Dataset items:
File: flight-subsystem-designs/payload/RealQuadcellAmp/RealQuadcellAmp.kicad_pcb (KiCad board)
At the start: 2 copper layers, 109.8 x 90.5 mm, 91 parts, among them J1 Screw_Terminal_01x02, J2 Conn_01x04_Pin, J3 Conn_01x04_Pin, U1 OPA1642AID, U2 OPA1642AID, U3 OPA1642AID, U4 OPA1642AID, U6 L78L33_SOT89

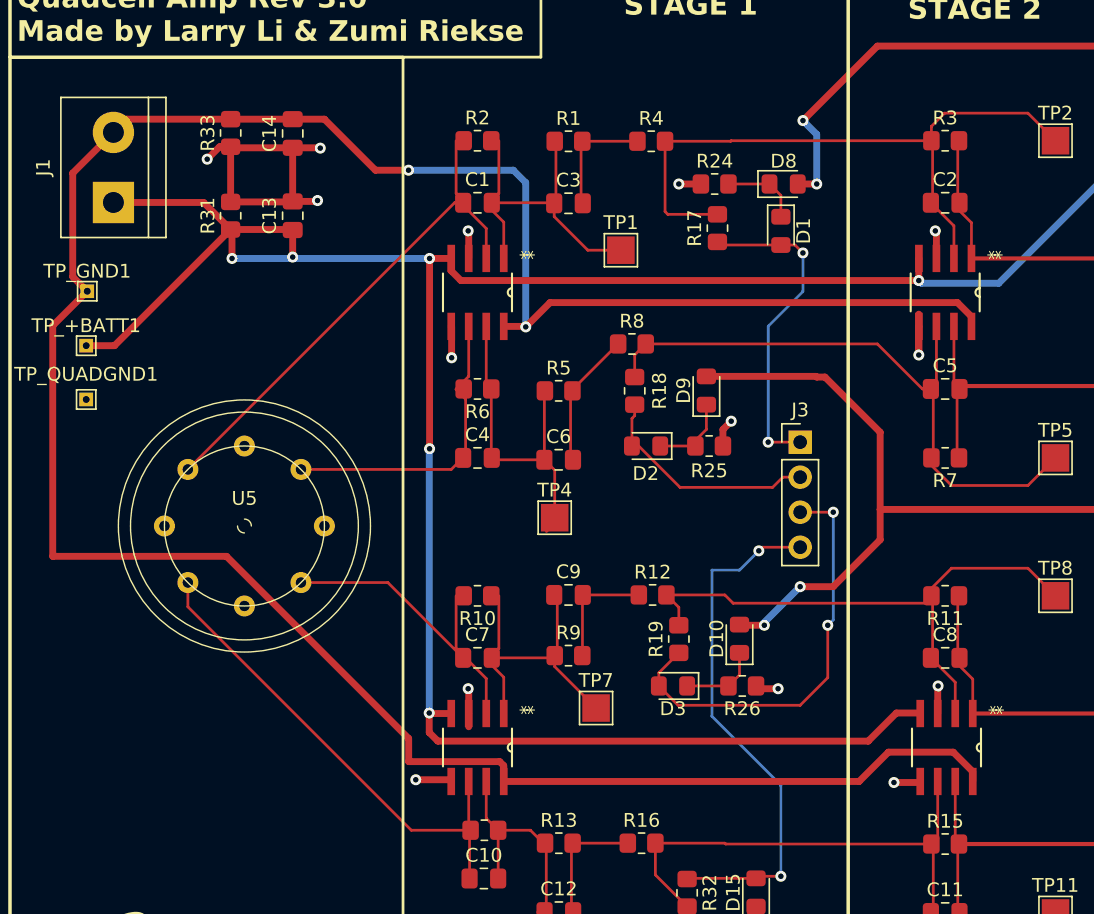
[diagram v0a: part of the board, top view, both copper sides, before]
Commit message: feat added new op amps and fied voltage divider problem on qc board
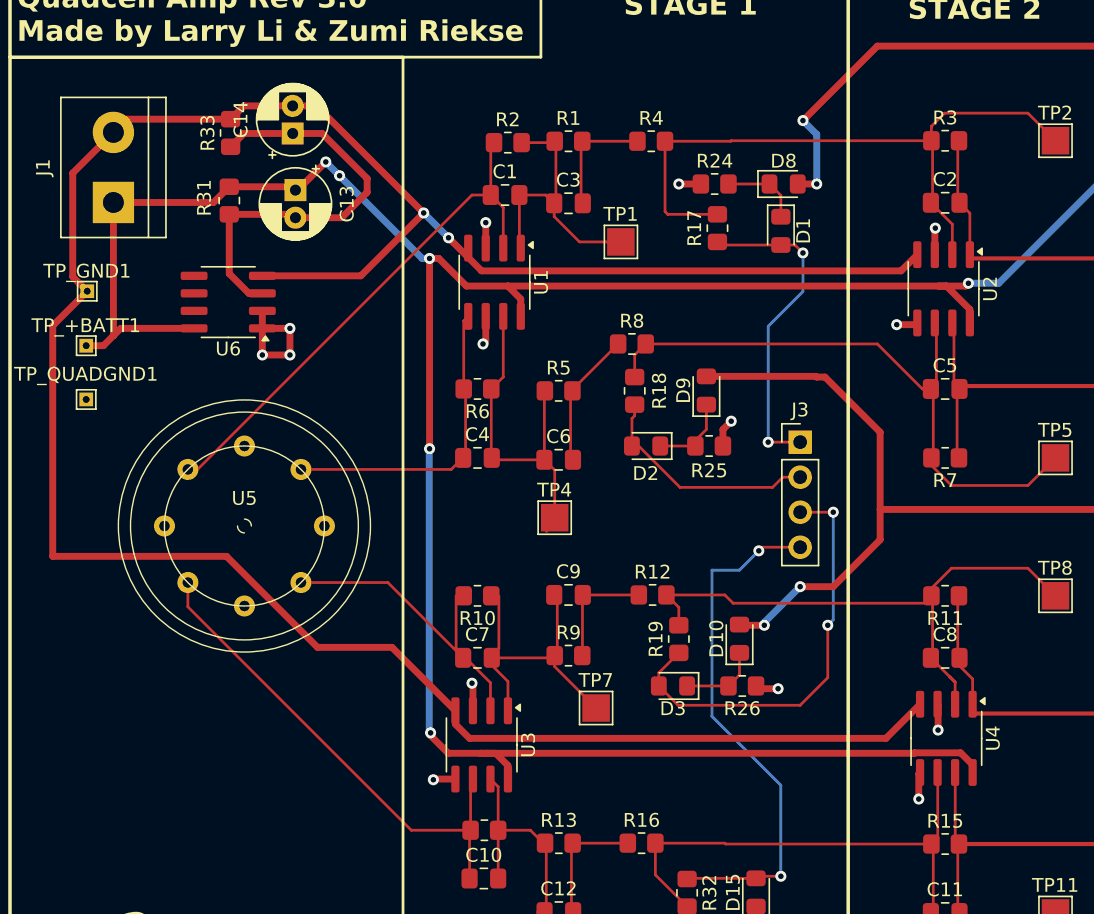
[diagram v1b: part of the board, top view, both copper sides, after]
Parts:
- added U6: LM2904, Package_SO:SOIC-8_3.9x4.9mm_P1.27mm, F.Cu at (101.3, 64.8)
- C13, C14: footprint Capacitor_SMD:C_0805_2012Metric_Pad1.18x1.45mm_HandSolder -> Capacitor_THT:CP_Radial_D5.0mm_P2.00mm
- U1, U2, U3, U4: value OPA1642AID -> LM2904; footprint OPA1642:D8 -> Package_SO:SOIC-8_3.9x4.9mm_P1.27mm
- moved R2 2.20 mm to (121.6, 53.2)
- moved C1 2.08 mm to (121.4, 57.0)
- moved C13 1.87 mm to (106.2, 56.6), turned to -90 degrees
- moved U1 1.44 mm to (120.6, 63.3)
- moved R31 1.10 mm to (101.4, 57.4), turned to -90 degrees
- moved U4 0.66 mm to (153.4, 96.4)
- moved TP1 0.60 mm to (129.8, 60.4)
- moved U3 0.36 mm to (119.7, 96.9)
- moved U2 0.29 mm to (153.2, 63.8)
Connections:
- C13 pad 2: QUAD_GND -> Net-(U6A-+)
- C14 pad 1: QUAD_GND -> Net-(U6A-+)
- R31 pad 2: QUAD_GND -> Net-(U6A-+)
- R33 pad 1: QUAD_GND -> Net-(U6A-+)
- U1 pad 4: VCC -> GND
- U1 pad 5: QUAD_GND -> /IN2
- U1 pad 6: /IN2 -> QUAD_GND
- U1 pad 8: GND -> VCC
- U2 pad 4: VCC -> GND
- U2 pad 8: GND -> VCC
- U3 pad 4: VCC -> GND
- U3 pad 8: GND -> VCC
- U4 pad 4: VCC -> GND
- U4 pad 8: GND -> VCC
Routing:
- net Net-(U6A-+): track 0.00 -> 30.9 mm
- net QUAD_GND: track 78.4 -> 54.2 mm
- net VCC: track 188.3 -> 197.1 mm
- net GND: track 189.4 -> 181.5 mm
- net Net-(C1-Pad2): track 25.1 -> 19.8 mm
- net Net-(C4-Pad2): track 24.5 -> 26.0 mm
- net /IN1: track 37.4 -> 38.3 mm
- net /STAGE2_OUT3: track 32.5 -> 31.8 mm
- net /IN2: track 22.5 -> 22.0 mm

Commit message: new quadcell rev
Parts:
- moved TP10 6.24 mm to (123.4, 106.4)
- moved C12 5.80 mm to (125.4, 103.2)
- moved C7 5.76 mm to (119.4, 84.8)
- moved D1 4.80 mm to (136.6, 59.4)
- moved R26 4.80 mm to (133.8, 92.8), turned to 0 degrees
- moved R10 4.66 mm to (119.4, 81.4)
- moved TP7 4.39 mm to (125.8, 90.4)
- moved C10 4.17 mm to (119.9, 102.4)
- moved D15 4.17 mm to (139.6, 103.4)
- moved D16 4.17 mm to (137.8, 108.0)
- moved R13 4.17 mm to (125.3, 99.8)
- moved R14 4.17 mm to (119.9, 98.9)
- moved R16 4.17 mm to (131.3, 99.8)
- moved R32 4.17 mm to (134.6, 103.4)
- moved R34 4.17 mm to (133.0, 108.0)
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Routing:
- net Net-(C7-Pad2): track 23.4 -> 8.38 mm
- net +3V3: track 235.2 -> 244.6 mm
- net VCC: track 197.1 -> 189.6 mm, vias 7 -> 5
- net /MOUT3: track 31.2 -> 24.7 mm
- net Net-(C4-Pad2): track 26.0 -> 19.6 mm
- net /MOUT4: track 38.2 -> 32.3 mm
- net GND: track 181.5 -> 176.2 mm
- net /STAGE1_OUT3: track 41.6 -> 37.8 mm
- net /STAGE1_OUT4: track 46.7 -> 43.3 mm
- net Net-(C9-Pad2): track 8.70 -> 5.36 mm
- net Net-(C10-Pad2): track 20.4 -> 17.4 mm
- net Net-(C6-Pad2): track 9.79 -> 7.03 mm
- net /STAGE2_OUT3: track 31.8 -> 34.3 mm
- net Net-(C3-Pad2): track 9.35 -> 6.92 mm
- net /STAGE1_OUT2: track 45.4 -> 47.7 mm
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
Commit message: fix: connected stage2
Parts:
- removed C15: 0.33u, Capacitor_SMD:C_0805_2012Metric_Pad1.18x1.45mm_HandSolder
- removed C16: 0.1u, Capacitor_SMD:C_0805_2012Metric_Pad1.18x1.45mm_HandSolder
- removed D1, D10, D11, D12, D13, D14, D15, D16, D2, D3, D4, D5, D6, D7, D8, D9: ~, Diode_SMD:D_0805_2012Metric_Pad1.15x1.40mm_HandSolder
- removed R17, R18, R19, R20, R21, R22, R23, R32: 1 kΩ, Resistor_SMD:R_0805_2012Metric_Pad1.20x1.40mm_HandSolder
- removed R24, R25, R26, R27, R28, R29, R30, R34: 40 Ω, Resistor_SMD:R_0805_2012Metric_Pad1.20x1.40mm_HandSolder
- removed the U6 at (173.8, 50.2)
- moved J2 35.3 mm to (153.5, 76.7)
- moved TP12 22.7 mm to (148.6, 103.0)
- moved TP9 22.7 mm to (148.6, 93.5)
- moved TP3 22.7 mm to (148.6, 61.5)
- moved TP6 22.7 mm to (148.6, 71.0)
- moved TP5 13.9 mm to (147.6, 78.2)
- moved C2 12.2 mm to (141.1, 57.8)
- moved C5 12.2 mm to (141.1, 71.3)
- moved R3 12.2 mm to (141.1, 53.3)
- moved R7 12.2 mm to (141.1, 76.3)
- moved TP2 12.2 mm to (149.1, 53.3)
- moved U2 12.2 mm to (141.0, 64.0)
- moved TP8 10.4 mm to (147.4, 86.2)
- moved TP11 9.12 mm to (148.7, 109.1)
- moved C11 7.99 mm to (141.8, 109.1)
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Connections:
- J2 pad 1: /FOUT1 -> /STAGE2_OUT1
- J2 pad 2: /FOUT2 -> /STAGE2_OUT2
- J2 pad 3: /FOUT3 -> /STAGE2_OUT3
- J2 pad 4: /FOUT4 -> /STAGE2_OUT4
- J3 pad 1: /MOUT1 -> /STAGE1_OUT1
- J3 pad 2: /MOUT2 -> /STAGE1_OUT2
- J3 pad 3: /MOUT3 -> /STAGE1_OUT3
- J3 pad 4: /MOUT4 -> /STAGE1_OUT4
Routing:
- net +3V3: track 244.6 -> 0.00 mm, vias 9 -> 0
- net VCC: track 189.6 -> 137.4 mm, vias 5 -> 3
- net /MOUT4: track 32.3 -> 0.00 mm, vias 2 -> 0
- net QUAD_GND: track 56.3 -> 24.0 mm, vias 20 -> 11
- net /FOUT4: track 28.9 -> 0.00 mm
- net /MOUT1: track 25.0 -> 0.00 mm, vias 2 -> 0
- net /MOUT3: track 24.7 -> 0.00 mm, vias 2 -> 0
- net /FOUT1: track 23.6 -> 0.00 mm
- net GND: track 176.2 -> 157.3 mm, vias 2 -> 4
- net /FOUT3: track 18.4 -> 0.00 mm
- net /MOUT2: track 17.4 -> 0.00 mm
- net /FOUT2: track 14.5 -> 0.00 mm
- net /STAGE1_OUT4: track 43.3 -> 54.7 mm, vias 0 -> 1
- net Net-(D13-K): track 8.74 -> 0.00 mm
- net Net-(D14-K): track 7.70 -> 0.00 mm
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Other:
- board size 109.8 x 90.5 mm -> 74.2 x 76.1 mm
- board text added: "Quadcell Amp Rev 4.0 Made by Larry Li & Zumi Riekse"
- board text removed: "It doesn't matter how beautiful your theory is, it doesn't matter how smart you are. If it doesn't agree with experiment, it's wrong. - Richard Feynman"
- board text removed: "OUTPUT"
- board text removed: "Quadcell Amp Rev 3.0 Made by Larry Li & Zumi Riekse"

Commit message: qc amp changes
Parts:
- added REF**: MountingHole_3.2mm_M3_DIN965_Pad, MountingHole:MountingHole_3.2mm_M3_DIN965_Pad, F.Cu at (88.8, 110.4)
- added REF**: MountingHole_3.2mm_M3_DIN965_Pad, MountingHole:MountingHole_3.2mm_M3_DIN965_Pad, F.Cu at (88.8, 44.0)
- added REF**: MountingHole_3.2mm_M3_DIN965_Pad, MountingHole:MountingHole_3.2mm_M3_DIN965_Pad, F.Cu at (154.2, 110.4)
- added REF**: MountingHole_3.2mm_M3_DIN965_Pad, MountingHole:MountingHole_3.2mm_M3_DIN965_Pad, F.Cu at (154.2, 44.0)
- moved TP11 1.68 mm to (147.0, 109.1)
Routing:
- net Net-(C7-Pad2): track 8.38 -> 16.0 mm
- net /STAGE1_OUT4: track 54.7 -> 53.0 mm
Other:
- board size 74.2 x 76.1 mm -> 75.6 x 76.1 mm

ABOUT THIS EXERCISE – Copy exactly the stretch of data above from the line with "- net GND: track 181.5 -> 176.2 mm" through the line with "- net Net-(C3-Pad2): track 9.35 -> 6.92 mm", and omit all other lines.

THE COMPLETED TASK –
- net GND: track 181.5 -> 176.2 mm
- net /STAGE1_OUT3: track 41.6 -> 37.8 mm
- net /STAGE1_OUT4: track 46.7 -> 43.3 mm
- net Net-(C9-Pad2): track 8.70 -> 5.36 mm
- net Net-(C10-Pad2): track 20.4 -> 17.4 mm
- net Net-(C6-Pad2): track 9.79 -> 7.03 mm
- net /STAGE2_OUT3: track 31.8 -> 34.3 mm
- net Net-(C3-Pad2): track 9.35 -> 6.92 mm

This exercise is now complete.